● **What the task asks**
Whenever a line of the listing contains the string "board", return that line.

● **Available data**
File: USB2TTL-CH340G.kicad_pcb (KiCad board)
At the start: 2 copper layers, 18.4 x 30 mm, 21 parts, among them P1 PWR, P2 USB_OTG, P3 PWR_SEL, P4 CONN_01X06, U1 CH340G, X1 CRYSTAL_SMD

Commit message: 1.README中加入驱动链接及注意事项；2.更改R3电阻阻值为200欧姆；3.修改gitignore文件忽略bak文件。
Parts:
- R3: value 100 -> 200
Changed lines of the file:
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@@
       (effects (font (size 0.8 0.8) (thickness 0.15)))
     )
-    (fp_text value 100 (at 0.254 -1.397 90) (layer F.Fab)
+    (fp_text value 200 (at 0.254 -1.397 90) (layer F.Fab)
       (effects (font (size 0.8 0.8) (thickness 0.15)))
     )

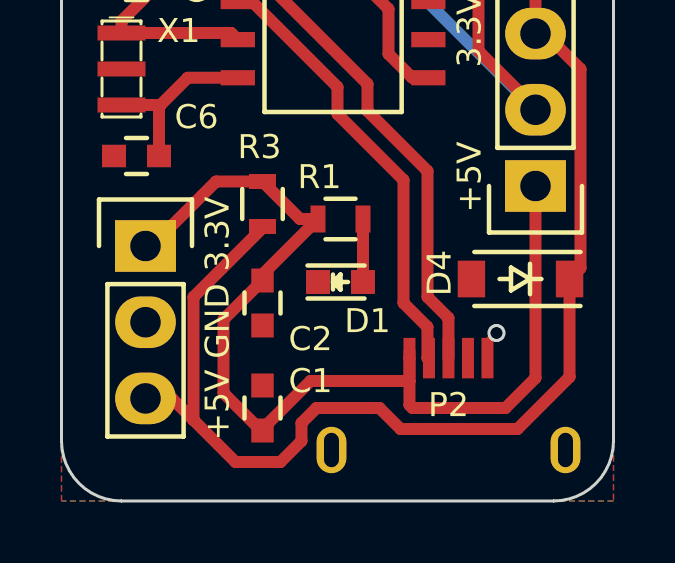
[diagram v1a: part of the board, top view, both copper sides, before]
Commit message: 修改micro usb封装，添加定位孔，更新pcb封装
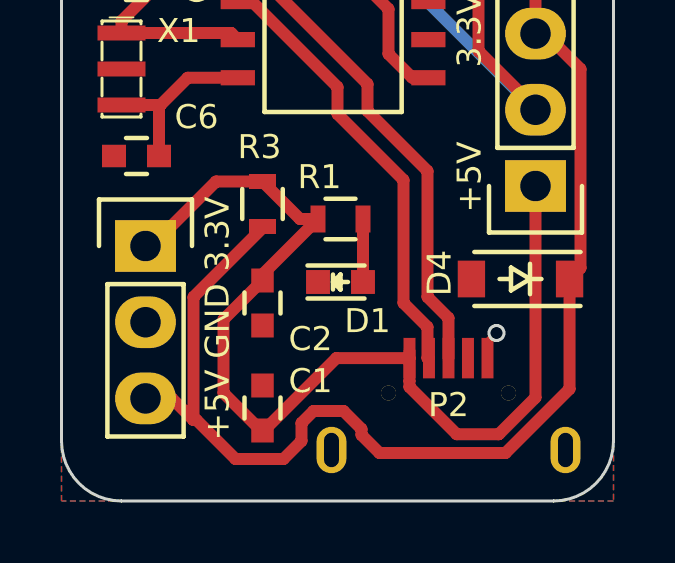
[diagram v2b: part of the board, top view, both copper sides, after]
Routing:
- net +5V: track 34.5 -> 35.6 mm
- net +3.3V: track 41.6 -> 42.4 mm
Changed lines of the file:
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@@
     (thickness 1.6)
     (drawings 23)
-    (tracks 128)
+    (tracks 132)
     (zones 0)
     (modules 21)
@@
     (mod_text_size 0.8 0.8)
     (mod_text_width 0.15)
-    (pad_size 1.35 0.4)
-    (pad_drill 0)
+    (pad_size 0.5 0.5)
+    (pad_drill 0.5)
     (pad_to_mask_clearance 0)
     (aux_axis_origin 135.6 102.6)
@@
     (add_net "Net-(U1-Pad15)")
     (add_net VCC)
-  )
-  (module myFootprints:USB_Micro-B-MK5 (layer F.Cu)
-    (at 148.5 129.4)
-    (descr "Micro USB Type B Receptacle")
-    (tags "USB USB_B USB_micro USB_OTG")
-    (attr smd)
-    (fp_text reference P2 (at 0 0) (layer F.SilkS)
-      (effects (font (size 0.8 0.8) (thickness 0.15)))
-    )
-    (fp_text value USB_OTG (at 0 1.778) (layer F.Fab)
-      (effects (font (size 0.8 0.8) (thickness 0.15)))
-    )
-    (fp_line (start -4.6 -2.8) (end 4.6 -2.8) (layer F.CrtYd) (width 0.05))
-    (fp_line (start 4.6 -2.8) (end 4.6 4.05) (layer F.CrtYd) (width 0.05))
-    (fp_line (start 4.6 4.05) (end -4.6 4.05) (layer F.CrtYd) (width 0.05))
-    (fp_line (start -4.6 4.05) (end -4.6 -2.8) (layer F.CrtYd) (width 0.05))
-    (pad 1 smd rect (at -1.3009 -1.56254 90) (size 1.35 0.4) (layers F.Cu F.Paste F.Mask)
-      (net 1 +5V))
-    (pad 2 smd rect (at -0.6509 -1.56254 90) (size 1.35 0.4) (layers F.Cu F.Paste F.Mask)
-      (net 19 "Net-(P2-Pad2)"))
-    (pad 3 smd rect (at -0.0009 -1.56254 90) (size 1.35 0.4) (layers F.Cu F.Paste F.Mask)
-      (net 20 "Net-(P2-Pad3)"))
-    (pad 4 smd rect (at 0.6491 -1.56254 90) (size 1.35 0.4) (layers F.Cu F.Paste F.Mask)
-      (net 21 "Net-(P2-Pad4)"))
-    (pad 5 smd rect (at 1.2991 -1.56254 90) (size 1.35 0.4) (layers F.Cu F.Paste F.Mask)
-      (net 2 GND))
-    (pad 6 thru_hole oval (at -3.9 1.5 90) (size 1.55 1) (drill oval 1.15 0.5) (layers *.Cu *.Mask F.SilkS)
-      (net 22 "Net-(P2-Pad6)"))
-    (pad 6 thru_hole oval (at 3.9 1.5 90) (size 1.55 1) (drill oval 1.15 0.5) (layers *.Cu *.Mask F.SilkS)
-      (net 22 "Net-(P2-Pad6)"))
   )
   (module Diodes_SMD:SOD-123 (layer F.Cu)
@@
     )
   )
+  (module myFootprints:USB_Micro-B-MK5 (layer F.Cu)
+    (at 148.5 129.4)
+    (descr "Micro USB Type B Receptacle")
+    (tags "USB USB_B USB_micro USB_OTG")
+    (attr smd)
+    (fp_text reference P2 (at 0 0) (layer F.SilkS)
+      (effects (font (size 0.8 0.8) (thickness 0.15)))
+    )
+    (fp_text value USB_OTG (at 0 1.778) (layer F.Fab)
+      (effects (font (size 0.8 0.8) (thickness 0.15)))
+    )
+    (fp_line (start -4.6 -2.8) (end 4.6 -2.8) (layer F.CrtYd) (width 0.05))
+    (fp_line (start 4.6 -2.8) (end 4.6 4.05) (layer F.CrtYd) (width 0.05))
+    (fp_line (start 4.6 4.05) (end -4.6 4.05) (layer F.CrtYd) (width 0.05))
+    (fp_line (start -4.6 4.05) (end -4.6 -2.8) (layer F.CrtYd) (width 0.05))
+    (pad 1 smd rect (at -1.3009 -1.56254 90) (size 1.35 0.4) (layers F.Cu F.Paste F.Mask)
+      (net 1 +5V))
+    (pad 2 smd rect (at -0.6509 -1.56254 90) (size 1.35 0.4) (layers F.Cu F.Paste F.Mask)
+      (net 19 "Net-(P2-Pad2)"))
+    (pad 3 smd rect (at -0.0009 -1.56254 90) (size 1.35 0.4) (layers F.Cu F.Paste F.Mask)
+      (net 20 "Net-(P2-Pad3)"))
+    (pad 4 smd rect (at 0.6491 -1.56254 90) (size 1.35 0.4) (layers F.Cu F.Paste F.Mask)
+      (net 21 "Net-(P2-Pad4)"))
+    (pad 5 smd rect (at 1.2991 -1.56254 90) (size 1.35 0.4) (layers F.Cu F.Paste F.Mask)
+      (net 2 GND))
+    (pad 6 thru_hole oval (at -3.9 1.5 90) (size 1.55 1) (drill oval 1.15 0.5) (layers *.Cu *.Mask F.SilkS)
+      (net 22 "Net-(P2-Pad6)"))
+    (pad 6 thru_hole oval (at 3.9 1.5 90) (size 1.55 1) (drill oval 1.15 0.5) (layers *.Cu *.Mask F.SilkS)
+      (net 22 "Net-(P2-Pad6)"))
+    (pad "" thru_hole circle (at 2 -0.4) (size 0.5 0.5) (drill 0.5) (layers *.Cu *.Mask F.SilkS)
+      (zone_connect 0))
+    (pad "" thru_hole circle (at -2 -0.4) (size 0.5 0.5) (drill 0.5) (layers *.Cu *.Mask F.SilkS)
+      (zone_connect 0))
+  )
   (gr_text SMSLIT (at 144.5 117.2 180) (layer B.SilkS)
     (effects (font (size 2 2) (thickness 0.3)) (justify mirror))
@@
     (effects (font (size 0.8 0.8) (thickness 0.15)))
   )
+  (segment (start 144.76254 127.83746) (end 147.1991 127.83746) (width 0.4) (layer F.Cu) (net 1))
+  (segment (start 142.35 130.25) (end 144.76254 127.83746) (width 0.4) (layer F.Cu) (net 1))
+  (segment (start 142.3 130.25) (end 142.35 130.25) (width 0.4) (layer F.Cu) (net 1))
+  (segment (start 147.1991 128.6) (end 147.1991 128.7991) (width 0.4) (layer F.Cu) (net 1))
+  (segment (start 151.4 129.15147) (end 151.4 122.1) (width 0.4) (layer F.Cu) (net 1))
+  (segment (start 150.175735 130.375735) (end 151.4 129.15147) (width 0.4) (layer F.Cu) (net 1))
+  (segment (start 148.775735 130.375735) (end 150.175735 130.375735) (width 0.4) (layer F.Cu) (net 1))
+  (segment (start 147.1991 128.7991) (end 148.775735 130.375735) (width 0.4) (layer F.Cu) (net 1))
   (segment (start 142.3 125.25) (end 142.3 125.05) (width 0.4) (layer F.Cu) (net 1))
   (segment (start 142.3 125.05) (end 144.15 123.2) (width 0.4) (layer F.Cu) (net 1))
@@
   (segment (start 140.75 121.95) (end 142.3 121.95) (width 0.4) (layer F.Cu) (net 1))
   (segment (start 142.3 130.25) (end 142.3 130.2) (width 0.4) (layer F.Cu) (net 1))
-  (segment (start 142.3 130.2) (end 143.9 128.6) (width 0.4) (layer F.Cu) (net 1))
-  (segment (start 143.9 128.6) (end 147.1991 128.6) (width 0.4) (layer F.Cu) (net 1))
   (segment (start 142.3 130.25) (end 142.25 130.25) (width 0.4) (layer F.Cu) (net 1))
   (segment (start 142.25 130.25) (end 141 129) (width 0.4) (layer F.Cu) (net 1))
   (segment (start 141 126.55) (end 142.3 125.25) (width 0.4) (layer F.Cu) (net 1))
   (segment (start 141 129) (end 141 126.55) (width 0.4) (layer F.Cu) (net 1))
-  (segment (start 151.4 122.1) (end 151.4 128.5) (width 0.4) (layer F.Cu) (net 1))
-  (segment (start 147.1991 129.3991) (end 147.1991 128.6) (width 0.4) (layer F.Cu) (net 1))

● **Response to this exercise**
File: USB2TTL-CH340G.kicad_pcb (KiCad board)
[diagram v1a: part of the board, top view, both copper sides, before]
[diagram v2b: part of the board, top view, both copper sides, after]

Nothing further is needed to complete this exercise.